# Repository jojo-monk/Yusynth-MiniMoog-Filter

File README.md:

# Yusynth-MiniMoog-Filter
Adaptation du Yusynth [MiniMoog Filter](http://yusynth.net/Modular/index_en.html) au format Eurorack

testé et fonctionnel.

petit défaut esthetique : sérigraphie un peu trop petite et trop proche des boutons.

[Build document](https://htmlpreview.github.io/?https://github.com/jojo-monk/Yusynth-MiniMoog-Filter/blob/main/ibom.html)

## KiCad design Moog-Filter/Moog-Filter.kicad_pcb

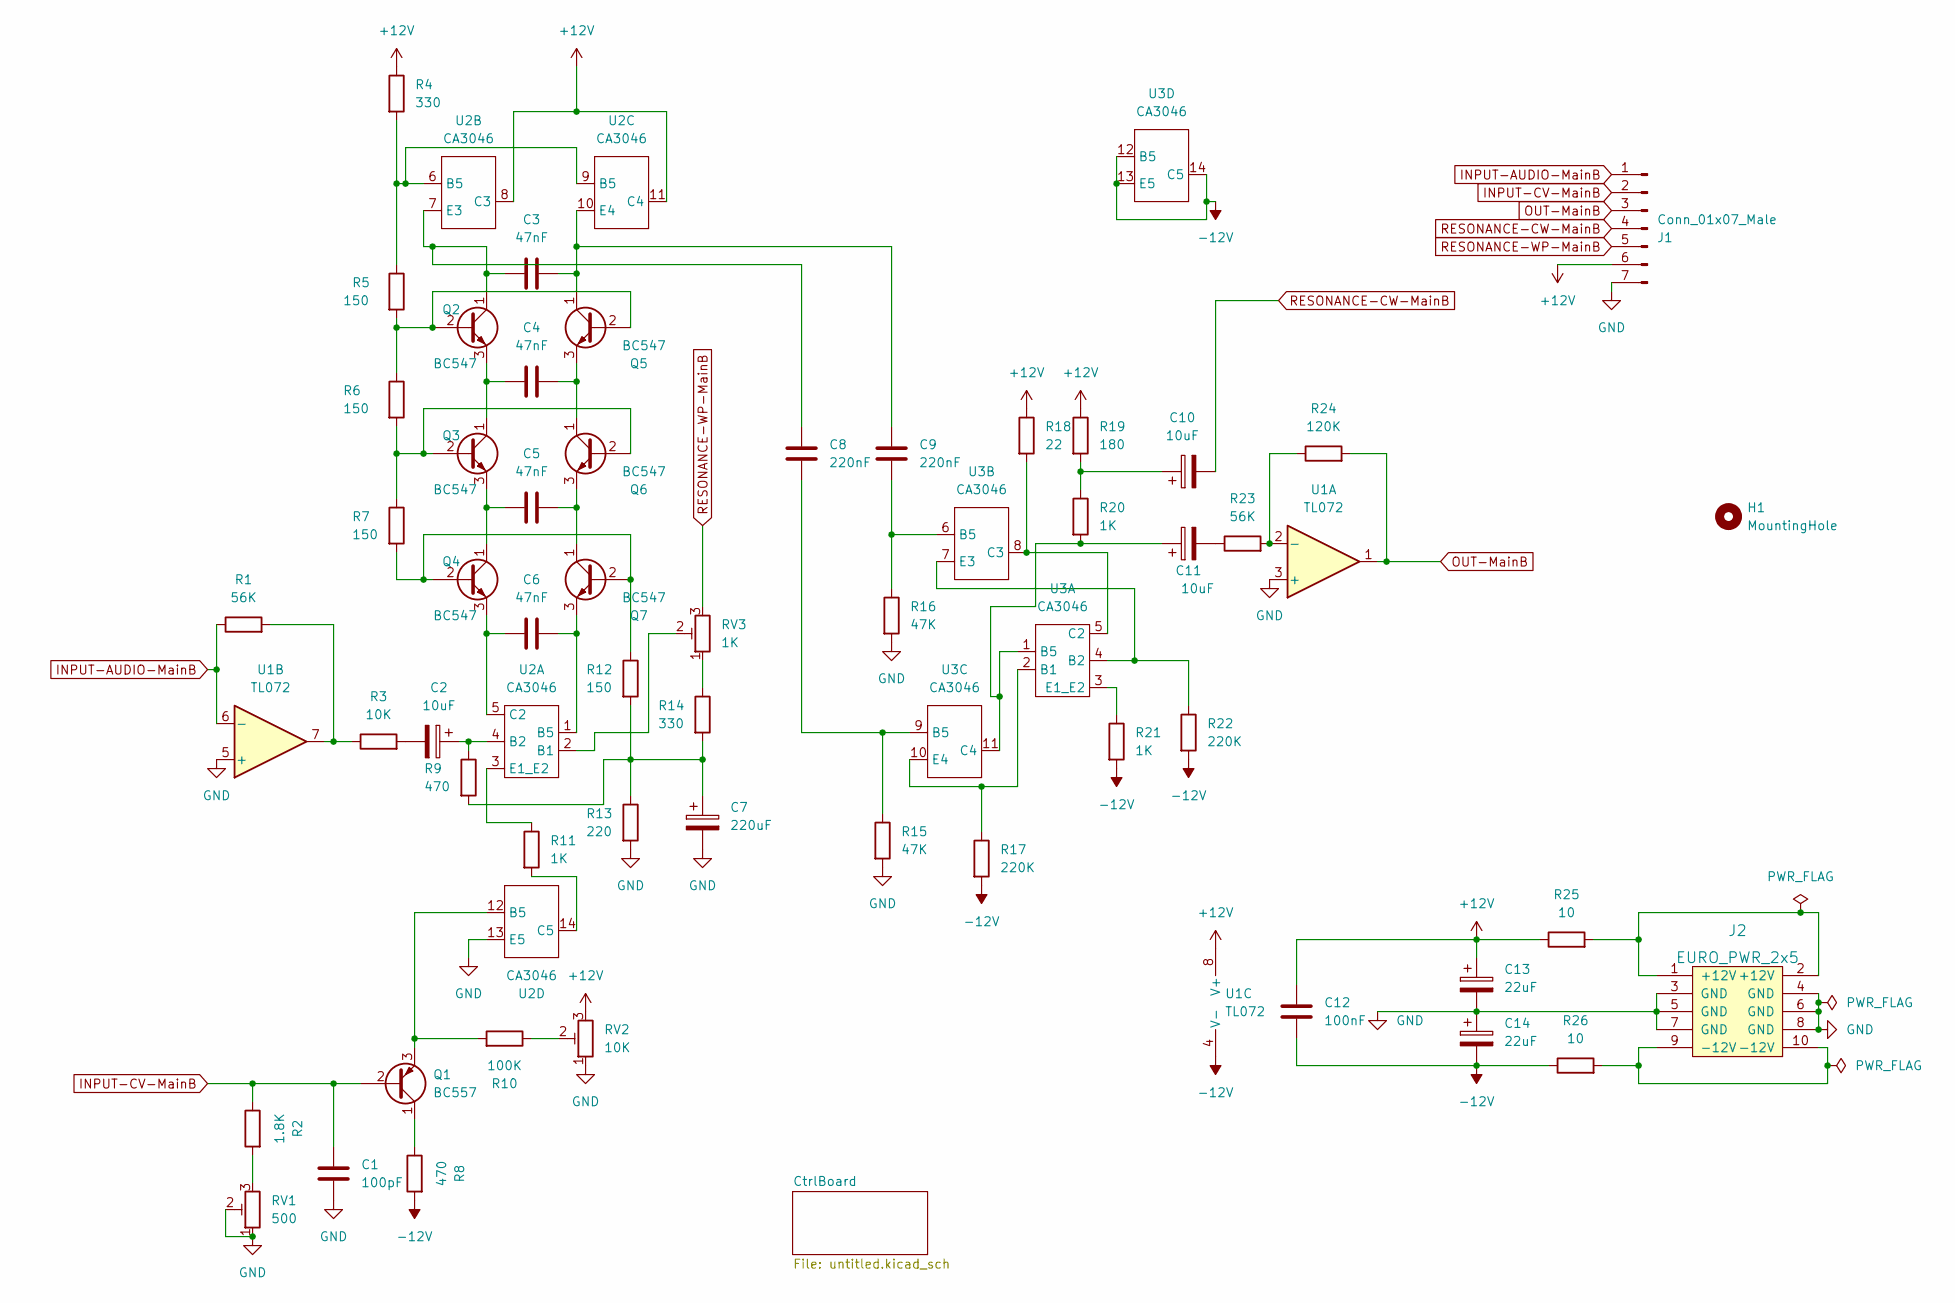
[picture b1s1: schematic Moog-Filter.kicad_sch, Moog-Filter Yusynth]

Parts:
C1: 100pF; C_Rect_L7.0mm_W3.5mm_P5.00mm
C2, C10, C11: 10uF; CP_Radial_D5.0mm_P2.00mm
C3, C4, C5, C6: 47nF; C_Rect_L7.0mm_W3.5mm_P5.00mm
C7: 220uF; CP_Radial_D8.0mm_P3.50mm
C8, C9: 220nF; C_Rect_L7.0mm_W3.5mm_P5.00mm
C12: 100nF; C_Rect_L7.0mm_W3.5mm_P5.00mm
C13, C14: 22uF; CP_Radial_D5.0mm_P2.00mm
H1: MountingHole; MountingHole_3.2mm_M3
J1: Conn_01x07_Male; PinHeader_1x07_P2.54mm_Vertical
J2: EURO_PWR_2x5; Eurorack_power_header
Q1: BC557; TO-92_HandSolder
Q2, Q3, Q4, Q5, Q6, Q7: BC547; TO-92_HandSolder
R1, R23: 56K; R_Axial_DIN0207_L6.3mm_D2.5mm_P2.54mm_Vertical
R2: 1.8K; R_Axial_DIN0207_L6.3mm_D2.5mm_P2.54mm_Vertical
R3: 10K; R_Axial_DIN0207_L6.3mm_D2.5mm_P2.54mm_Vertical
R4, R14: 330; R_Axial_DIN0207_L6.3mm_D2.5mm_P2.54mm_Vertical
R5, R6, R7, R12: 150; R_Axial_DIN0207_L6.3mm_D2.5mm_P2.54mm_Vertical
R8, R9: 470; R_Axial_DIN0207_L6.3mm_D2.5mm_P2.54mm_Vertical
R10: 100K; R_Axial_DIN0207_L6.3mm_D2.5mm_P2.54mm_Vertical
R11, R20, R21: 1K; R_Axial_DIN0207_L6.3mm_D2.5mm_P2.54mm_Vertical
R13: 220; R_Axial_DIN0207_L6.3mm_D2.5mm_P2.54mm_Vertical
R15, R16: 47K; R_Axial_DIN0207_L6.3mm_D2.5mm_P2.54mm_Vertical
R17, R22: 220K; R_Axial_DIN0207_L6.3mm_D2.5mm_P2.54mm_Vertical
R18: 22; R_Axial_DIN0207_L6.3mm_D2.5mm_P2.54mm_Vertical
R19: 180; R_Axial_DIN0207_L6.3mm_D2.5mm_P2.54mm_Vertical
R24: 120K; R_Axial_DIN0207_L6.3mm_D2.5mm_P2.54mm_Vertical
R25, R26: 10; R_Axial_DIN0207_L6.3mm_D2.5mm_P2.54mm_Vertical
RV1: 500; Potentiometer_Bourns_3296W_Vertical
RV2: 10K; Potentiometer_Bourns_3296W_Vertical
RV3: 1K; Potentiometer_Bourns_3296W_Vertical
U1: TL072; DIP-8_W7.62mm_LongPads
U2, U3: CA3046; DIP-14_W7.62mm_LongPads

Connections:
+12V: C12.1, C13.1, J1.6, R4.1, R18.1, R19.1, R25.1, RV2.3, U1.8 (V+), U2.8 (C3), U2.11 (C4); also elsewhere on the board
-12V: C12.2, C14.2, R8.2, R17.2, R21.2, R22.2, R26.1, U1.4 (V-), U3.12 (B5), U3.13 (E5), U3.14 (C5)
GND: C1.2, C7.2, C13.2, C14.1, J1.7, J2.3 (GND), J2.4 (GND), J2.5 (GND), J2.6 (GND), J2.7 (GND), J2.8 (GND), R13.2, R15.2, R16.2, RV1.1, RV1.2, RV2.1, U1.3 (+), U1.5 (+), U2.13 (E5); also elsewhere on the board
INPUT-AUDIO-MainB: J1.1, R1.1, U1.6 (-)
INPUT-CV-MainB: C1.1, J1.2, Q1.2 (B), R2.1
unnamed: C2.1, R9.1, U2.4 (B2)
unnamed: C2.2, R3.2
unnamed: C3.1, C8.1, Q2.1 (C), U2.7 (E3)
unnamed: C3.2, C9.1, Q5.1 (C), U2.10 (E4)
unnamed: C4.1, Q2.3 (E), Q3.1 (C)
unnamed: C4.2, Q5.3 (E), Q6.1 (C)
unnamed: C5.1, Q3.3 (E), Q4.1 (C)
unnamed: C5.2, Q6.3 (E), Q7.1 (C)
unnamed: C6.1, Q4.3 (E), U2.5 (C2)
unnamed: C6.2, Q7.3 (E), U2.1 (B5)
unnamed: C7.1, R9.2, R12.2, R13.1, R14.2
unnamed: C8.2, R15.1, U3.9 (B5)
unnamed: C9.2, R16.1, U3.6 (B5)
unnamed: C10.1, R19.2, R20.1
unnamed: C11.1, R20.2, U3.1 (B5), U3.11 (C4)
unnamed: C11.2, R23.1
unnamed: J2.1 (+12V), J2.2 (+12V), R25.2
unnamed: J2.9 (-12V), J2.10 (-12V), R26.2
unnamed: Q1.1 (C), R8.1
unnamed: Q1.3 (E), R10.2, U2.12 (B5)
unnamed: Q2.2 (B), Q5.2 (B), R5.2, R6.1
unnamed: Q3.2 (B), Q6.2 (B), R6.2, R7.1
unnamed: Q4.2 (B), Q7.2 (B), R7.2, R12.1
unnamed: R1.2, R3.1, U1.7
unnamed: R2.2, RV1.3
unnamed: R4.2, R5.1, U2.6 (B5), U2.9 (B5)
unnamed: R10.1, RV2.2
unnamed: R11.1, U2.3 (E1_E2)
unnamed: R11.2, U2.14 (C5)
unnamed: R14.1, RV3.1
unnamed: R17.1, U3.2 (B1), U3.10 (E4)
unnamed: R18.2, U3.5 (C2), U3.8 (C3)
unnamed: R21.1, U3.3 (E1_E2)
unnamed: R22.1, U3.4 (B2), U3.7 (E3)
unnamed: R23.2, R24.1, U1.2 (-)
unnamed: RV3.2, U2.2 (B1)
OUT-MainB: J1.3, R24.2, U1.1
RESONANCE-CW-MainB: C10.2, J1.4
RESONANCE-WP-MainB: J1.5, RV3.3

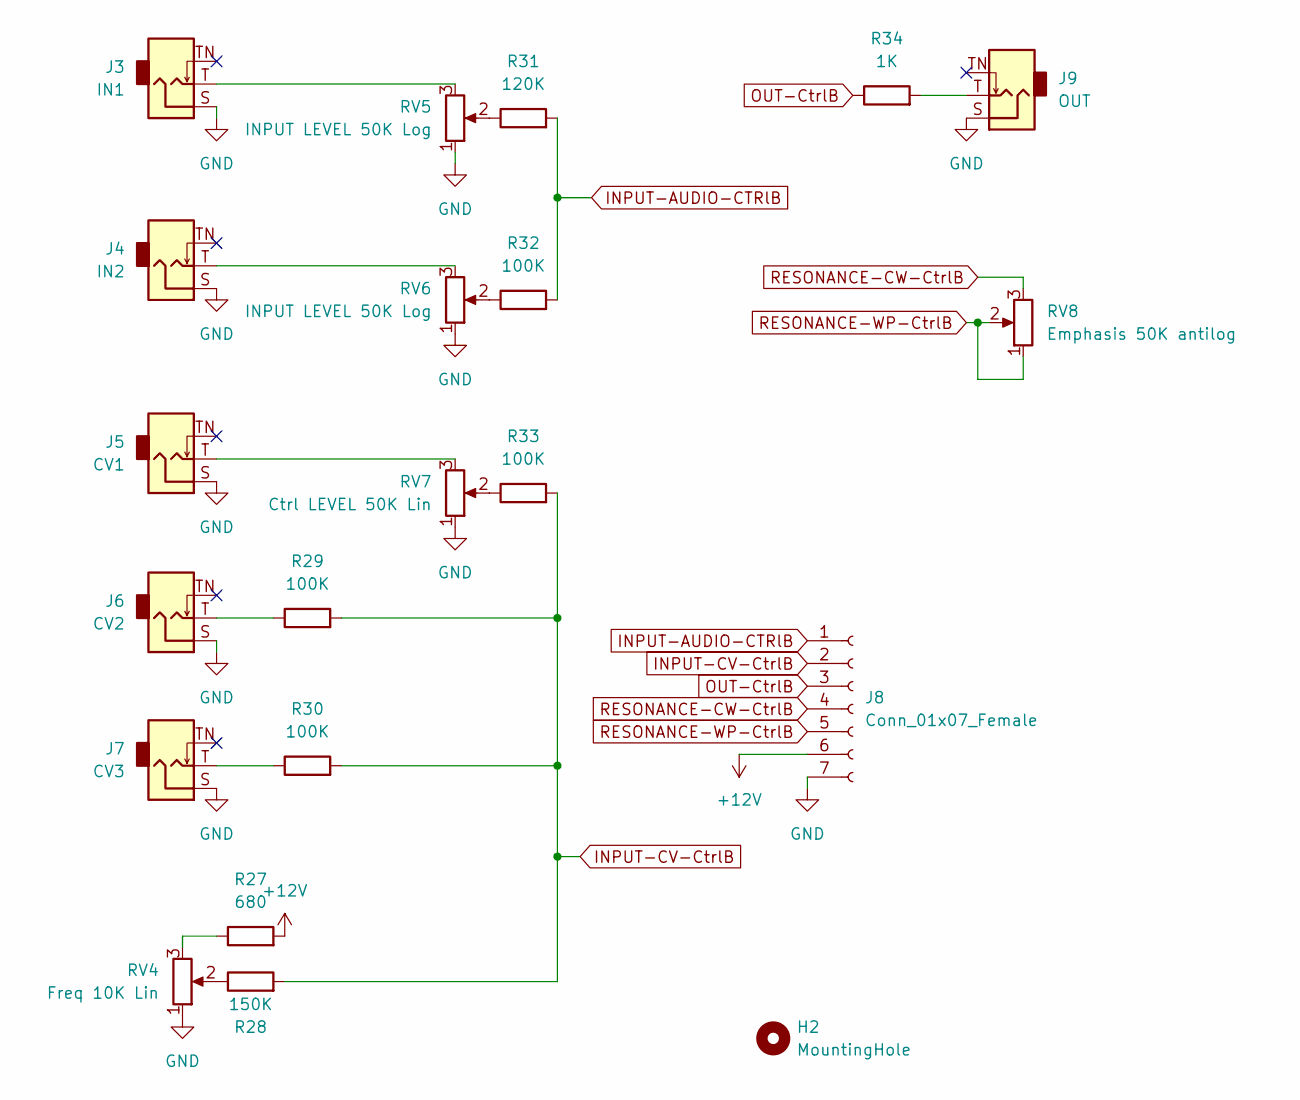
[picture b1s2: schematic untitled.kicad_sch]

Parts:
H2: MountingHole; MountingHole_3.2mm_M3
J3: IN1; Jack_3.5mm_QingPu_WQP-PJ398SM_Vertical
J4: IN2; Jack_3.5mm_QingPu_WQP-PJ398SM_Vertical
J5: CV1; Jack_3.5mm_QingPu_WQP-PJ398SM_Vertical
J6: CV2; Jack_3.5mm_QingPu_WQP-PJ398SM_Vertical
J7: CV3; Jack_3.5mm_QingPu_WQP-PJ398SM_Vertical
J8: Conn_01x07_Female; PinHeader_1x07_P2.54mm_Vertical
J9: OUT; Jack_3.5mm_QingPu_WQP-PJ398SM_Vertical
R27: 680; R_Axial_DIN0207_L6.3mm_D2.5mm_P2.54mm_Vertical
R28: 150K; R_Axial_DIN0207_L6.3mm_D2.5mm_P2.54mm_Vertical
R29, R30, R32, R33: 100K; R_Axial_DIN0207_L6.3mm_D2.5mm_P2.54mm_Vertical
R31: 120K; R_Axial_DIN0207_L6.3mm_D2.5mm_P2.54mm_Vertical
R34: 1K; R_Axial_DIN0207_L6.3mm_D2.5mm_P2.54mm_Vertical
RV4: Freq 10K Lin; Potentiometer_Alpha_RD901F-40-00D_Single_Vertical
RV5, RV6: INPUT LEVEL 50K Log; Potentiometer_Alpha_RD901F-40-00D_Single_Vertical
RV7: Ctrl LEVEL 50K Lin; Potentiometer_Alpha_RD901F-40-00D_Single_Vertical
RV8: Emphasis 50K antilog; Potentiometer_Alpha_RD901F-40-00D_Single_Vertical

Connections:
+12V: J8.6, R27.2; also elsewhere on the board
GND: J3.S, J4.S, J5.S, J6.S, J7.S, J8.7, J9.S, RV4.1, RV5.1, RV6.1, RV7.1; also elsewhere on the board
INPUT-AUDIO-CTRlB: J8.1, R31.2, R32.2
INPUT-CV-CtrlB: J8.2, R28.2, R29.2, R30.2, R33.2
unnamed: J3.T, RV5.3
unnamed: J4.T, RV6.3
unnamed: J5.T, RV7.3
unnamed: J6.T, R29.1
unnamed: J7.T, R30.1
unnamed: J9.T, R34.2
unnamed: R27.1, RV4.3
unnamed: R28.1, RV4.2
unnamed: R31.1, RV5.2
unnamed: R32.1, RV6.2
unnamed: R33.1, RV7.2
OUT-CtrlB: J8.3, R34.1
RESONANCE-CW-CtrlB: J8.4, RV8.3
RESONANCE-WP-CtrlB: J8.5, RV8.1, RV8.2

———

(WHAT YOU ARE ASKED TO DO) From the records above, retype only the lines starting at the line that contains "J2: EURO_PWR_2x5; Eurorack_power_header" and ending at the line that contains "-12V: C12.2, C14.2, R8.2, R17.2, R21.2, R22.2, R26.1, U1.4", both included.

(ANSWER TO THE EXERCISE)
J2: EURO_PWR_2x5; Eurorack_power_header
Q1: BC557; TO-92_HandSolder
Q2, Q3, Q4, Q5, Q6, Q7: BC547; TO-92_HandSolder
R1, R23: 56K; R_Axial_DIN0207_L6.3mm_D2.5mm_P2.54mm_Vertical
R2: 1.8K; R_Axial_DIN0207_L6.3mm_D2.5mm_P2.54mm_Vertical
R3: 10K; R_Axial_DIN0207_L6.3mm_D2.5mm_P2.54mm_Vertical
R4, R14: 330; R_Axial_DIN0207_L6.3mm_D2.5mm_P2.54mm_Vertical
R5, R6, R7, R12: 150; R_Axial_DIN0207_L6.3mm_D2.5mm_P2.54mm_Vertical
R8, R9: 470; R_Axial_DIN0207_L6.3mm_D2.5mm_P2.54mm_Vertical
R10: 100K; R_Axial_DIN0207_L6.3mm_D2.5mm_P2.54mm_Vertical
R11, R20, R21: 1K; R_Axial_DIN0207_L6.3mm_D2.5mm_P2.54mm_Vertical
R13: 220; R_Axial_DIN0207_L6.3mm_D2.5mm_P2.54mm_Vertical
R15, R16: 47K; R_Axial_DIN0207_L6.3mm_D2.5mm_P2.54mm_Vertical
R17, R22: 220K; R_Axial_DIN0207_L6.3mm_D2.5mm_P2.54mm_Vertical
R18: 22; R_Axial_DIN0207_L6.3mm_D2.5mm_P2.54mm_Vertical
R19: 180; R_Axial_DIN0207_L6.3mm_D2.5mm_P2.54mm_Vertical
R24: 120K; R_Axial_DIN0207_L6.3mm_D2.5mm_P2.54mm_Vertical
R25, R26: 10; R_Axial_DIN0207_L6.3mm_D2.5mm_P2.54mm_Vertical
RV1: 500; Potentiometer_Bourns_3296W_Vertical
RV2: 10K; Potentiometer_Bourns_3296W_Vertical
RV3: 1K; Potentiometer_Bourns_3296W_Vertical
U1: TL072; DIP-8_W7.62mm_LongPads
U2, U3: CA3046; DIP-14_W7.62mm_LongPads

Connections:
+12V: C12.1, C13.1, J1.6, R4.1, R18.1, R19.1, R25.1, RV2.3, U1.8 (V+), U2.8 (C3), U2.11 (C4); also elsewhere on the board
-12V: C12.2, C14.2, R8.2, R17.2, R21.2, R22.2, R26.1, U1.4 (V-), U3.12 (B5), U3.13 (E5), U3.14 (C5)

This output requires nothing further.